Perfect 2-D Hashing
Author: Han de Bruijn
Date: 2006 November
This is actually a re-write of an article posted in 'sci.math' as the
(would be) thread 'Inverse Perfect Hashing'
Imagine a rectangular region which is placed quite arbitrarily inside
a rectangular grid. It is questioned which gridpoints are inside this
rectangular region.
A picture says more
than a thousand words:
Forward Hash
Formulation of the problem
How to obtain a list of all grid points which are inside the rectangle,
where each grid point occurs only once in the list. And yes, we
want our algorithm to be as fast as possible.
Solution of the problem
The rectangle is transformed into a rectangle which coincides with a
cartesian coordinate system at two of its edges (i.e. the top-left position
becomes the origin in graphics coordinates). This is a translation combined
with a rotation. Each grid point is transformed into the translated/rotated
coordinates, giving (x,y) floating point values, instead of integer values:

When rounding the floating point values of the transformed interior points
to integer values, memory locations may be obtained, in principle.
Such a method is commonly called
hashing.
It can be demonstrated (: make a drawing) that at most two collisions can
happen when rounding these (x,y) coordinates: just try to bring two grid
points together in one grid cell. You will see that they can only fit in
if their mutual distance is smaller than √2, the diagonal of the cell:

But two different grid points can oly give rise to the same round off values -
giving the midpoint of the grid cell - if they fit into the same grid cell.
The big trick is now that all lengths may be multiplied with this factor
√2 (preferrably even somewhat larger for safety):

It is clear that all collisions have disappeared then: it's impossible to
bring two grid points with mutual distance greater than √2 together
into one 1x1 grid cell and round them to the same midpoint. With other words:
we have a perfect hash (though maybe it doesn't look like it, not yet):

But if these values are rounded . . . Look ! Here we are:

Therefore what we need is a table which is √2 times √2 =
twice as big as the minimal size which would be needed for storing all grid
point values "without gaps". The advantage of the overhead by a factor 2 is
that an adress is attached to a grid point immediately, without any need for
re-hashing (due to a collision) or searching.
Inverse Hash
Such a "Perfect Hash" can always be inverted. This is evident, because if
there is a one-to-one mapping of a grid point onto an adress then such a
mapping can always be inverted to a mapping of an adress onto a grid point.
The procedure is as follows. Traverse all adresses in our twice-too-big
table; and apply the inverse of all transformations in reverse order.
Inverse rounding in the first place, corresponding to plus or minus 1/2
with both coordinates, resulting in a little square with four vertices.
Then dividing all coordinates by √2 instead of a multiply. Rotate
over minus the angle, perform a translation backwards. The end-result of
this (floating point) procedure is the little square with, yes or no, a
grid point in it. Iff the grid point is within that little square, then
it can be found by rounding the coordinates of the center of the square.

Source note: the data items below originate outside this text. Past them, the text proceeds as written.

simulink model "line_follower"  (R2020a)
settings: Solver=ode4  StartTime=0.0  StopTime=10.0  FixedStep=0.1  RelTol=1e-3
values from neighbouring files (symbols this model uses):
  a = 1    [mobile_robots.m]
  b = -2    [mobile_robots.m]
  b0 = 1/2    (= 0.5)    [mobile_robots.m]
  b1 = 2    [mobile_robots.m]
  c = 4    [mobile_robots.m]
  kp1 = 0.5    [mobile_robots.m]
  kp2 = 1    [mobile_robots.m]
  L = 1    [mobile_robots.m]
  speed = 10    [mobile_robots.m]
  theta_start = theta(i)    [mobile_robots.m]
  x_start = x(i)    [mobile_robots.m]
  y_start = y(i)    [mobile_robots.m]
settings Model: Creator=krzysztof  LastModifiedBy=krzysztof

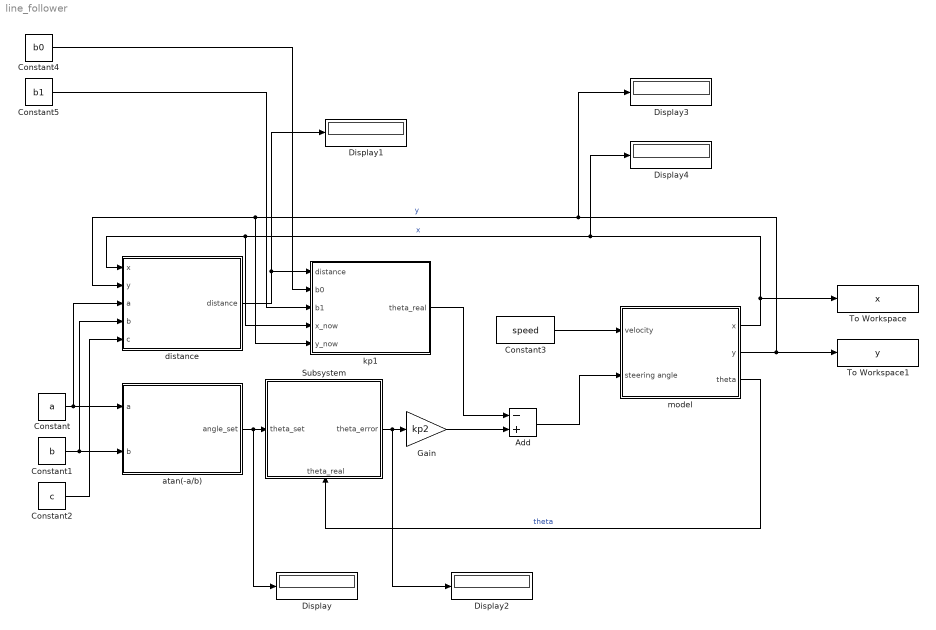
== system line_follower ==
  Add : Sum  Inputs=-+
  Constant : Constant  Value=a
  Constant1 : Constant  Value=b
  Constant2 : Constant  Value=c
  Constant3 : Constant  Value=speed
  Constant4 : Constant  Value=b0
  Constant5 : Constant  Value=b1
  Display{,1..4} (5 alike) : Display
  Gain : Gain  Gain=kp2
  Subsystem : Subsystem
      settings: PortSchema="{\"entries\":[{\"content\":{\"sides\":[{\"content\":{\"connectorIds\":[\"In1\"]},\"type\":\"ConnectorPlacement.EquallySpacedRectSide\",\"uuid\":\"fc3d2d42-6b75-4455-93d0-24c477eba1e2\"},{\"content\":{\"connectorIds\":[\"Out1\"],\"side\":\"RIGHT\"},\"type\":\"ConnectorPlacement.EquallySpacedRectSide\",\"uuid\":\"640ab7b6-8e5c-42d1-9d7a-31c2e9c3df8c\"},{\"content\":{\"connectorIds\":[],\"side\":\"TOP\"},\"type\":\"ConnectorPlacement.EquallySpacedRectSide\",\"uuid\":\"7c89bff5-0cce-42ff-a4c1-7cad39dc7ecc\"},{\"content\":{\"connectorIds\":[\"In2\"],\"side\":\"BOTTOM\"},\"type\":\"ConnectorPlacement.EquallySpacedRectSide\",\"uuid\":\"a37ec459-fa6b-4142-b403-d1bf8803b979\"}]},\"type\":\"ConnectorPlacement.EquallySpacedConnector\",\"uuid\":\"f605075b-9a69-4b03-9ecf-c2f7e2b5f79a\"}],\"packageUris\":[\"http://schema.mathworks.com/mf0/Connector/19700101\"],\"version\":\"1.0\"}"
  To Workspace : ToWorkspace  VariableName=x  SampleTime=-1
      settings: Save2DSignal=2-D array (concatenate along first dimension)
  To Workspace1 : ToWorkspace  VariableName=y  SampleTime=-1
      settings: Save2DSignal=2-D array (concatenate along first dimension)
  atan(-a/b) : Subsystem
  distance : Subsystem
  kp1 : Subsystem
  model : Subsystem
  wires:
  Constant/1 -> distance/3(a), atan(-a/b)/1(a)
  Constant1/1 -> distance/4(b), atan(-a/b)/2(b)
  Constant3/1 -> model/1(velocity)
  distance/1(distance) -> kp1/1(distance), Display1/1
  atan(-a/b)/1(angle_set) -> Display/1, Subsystem/1(theta_set)
  Subsystem/1(theta_error) -> Display2/1, Gain/1
  model/3(theta) -> Subsystem/2(theta_real)  "theta"
  Constant2/1 -> distance/5(c)
  model/1(x) -> To Workspace/1, Display4/1, kp1/4(x_now), distance/1(x)  "x"
  model/2(y) -> To Workspace1/1, Display3/1, kp1/5(y_now), distance/2(y)  "y"
  Add/1 -> model/2(steering angle)
  Gain/1 -> Add/2
  kp1/1(theta_real) -> Add/1
  Constant5/1 -> kp1/3(b1)
  Constant4/1 -> kp1/2(b0)

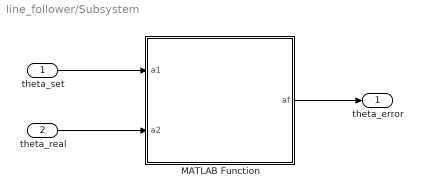
== system line_follower/Subsystem ==
  theta_set : Inport
  theta_real : Inport  Port=2
  MATLAB Function : MATLAB Function  TreatAsAtomicUnit=on
  theta_error : Outport
  wires:
  MATLAB Function/1(af) -> theta_error/1
  theta_set/1 -> MATLAB Function/1(a1)
  theta_real/1 -> MATLAB Function/2(a2)

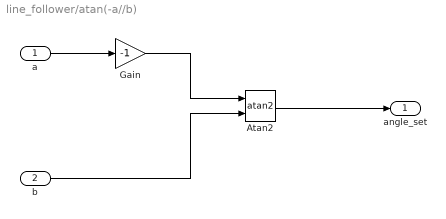
== system line_follower/atan(-a//b) ==
  a : Inport
  b : Inport  Port=2
  Atan2 : Trigonometry  Operator=atan2  OutputSignalType=real
  Gain : Gain  Gain=-1
  angle_set : Outport
  wires:
  a/1 -> Gain/1
  Gain/1 -> Atan2/1
  b/1 -> Atan2/2
  Atan2/1 -> angle_set/1

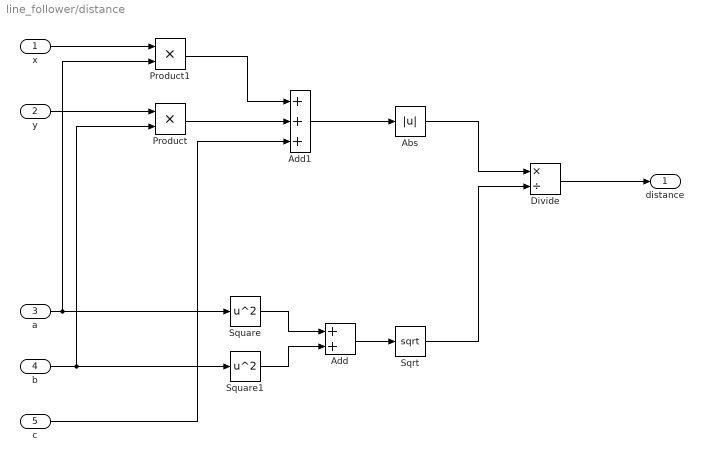
== system line_follower/distance ==
  x : Inport
  y : Inport  Port=2
  a : Inport  Port=3
  b : Inport  Port=4
  c : Inport  Port=5
  Abs : Abs
  Add : Sum
  Add1 : Sum  Inputs=+++
  Divide : Product  Inputs=*/
  Product : Product
  Product1 : Product
  Sqrt : Sqrt  SaturateOnIntegerOverflow=on
  Square : Math  Operator=square  SaturateOnIntegerOverflow=on
  Square1 : Math  Operator=square  SaturateOnIntegerOverflow=on
  distance : Outport
  wires:
  a/1 -> Product1/2, Square/1
  b/1 -> Product/2, Square1/1
  Square/1 -> Add/1
  Square1/1 -> Add/2
  Add/1 -> Sqrt/1
  Divide/1 -> distance/1
  Sqrt/1 -> Divide/2
  Abs/1 -> Divide/1
  y/1 -> Product/1
  x/1 -> Product1/1
  Add1/1 -> Abs/1
  Product1/1 -> Add1/1
  Product/1 -> Add1/2
  c/1 -> Add1/3

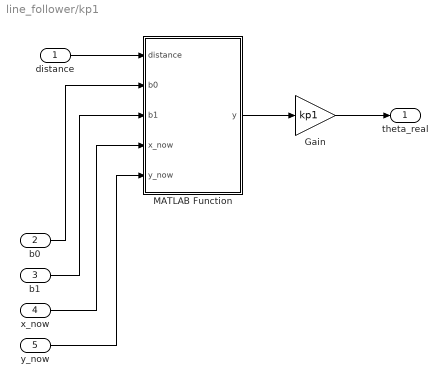
== system line_follower/kp1 ==
  distance : Inport
  b0 : Inport  Port=2
  b1 : Inport  Port=3
  x_now : Inport  Port=4
  y_now : Inport  Port=5
  Gain : Gain  Gain=kp1
  MATLAB Function : MATLAB Function  TreatAsAtomicUnit=on
  theta_real : Outport
  wires:
  distance/1 -> MATLAB Function/1(distance)
  Gain/1 -> theta_real/1
  MATLAB Function/1(y) -> Gain/1
  b0/1 -> MATLAB Function/2(b0)
  b1/1 -> MATLAB Function/3(b1)
  x_now/1 -> MATLAB Function/4(x_now)
  y_now/1 -> MATLAB Function/5(y_now)

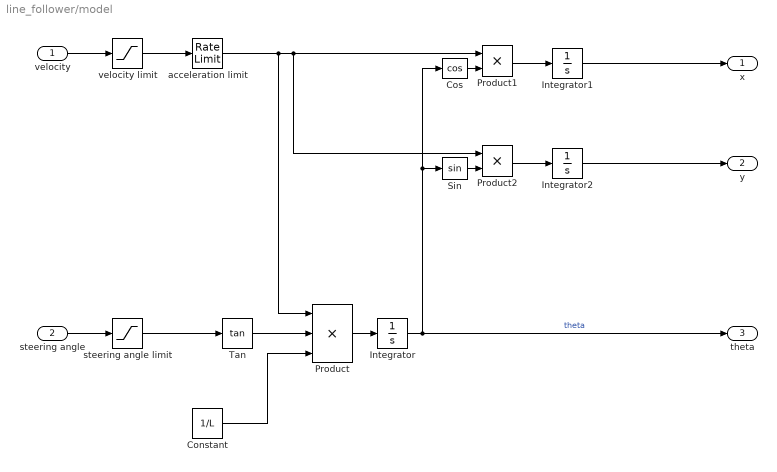
== system line_follower/model ==
  velocity : Inport
  steering angle : Inport  Port=2
  Constant : Constant  Value=1/L
  Cos : Trigonometry  Operator=cos  OutputSignalType=real
  Integrator : Integrator  InitialCondition=theta_start
  Integrator1 : Integrator  InitialCondition=x_start
  Integrator2 : Integrator  InitialCondition=y_start
  Product : Product  Inputs=3
  Product1 : Product
  Product2 : Product
  Sin : Trigonometry  OutputSignalType=real
  Tan : Trigonometry  Operator=tan  OutputSignalType=real
  acceleration limit : RateLimiter  SampleTimeMode=inherited
  steering angle limit : Saturate  UpperLimit=1  LowerLimit=-1  LinearizeAsGain=off
  velocity limit : Saturate  UpperLimit=2  LowerLimit=-2
  x : Outport
  y : Outport  Port=2
  theta : Outport  Port=3
  wires:
  Product1/1 -> Integrator1/1
  Integrator2/1 -> y/1
  Product2/1 -> Integrator2/1
  Integrator/1 -> theta/1, Cos/1, Sin/1  "theta"
  Integrator1/1 -> x/1
  Cos/1 -> Product1/2
  Tan/1 -> Product/2
  Constant/1 -> Product/3
  steering angle limit/1 -> Tan/1
  acceleration limit/1 -> Product/1, Product2/1, Product1/1
  Sin/1 -> Product2/2
  Product/1 -> Integrator/1
  steering angle/1 -> steering angle limit/1
  velocity limit/1 -> acceleration limit/1
  velocity/1 -> velocity limit/1

== matlab function line_follower/Subsystem/MATLAB Function ==
  data: a1 input; af output; a2 input
function af=angdif2(a1,a2)   % radians angles version
%
%   input : a1, a2
% output: af
a3=mod(a1-a2,2*pi);
af= 0;
q1=pi/2;
q2=pi;
q3=3*pi/2;
q4=2*pi;

if (0<a3)&&(a3<=q1)
    af=a3;
elseif (q1<a3)&&(a3<=q2) 
     af=a3;
elseif (q2<a3)&&(a3<=q3) 
    af=a3-q4;
elseif (q3<a3)&&(a3<=q4) 
    af= a3-q4;
elseif (-q1<=a3)&&(a3<0)    
    af=a3;
elseif (-q2<=a3)&&(a3<-q1) 
    af=a3;
elseif (-q3<=a3)&&(a3<-q2) 
    af =q4+a3;
elseif (-q4<=a3)&&(a3<-q3)
    af = q4+a3;
end

if af==pi 
    af=-pi;
end

return

== matlab function line_follower/kp1/MATLAB Function ==
  data: distance input; y output; b0 input; b1 input; x_now input; y_now input
function y = fcn(distance, b0, b1, x_now, y_now)

    f = @(x) b0*x+b1;

    if y_now > f(x_now)
        distance = distance * (-1);
    end

y = distance;

This center corresponds with the end-result by rounding, in the Forward
Hash procedure. Rounding the center gives whole-number coordinates, hence
a possible grid point. Next check if the candidate grid point is within
that little square as well. (This is not necessarily true: approximately
half of the grid points will be outside and approximately half of the grid
points will be inside the little square.) At last check if the
candidate grid point is within the large skew rectangle we started with.
In this manner, the Inverse Hashing procedure enables us to find all grid
points corresponding to adresses which can be filled with Forward Hashing.
Download
The above has been coded into a computer program. The main program produces
the pictures as captured and displayed in this web page. It is accompanied,
though, with a separate module (Delphi 'unit') called 'wiskunde' (Dutch for
'mathematics') and the above theory is embodied in this module. The source
code, together with a (Microsoft Windows) executable, is packed into a
downloadable ZIP file. Unpack in a spearate map
and eventually execute.
CG application
But look what we have obtained now ! Because grid points can be interpreted
as pixels - with Computer Graphics applications - Inverse Hashing is actually
a recursion-free Flood Fill procedure of arbitrary rectangles in an image.
The overhead measured in computation time is at most twice the theoretical
minimum, that is: iff each pixel could be found immediately, which in general
is not the case.
Number Theory
Key reference is the following article in the 'sci.math' thread ' 3^m/2^n => r '. The IMHO correct
statement is that any area equal to = 1 , in the 2-D grid of numerators and
denominators of fractions, contains at least zero and at most four fractions.
This means that, for a given r and ε , there must be a search up to
numerators or denominators with order of magnitude ( r / ε ) , if r
is the (irrational) number to be approximated and ε is the error
(tolerance) in the approximation.
Generalization
In three dimensional space, Perfect Hashing is accomplished by 3-D rotation,
translation and enlarging the rectangular box with a factor √3 in each
direction.
Disclaimers
Anything free comes without referee :-(
My English may be better than your Dutch.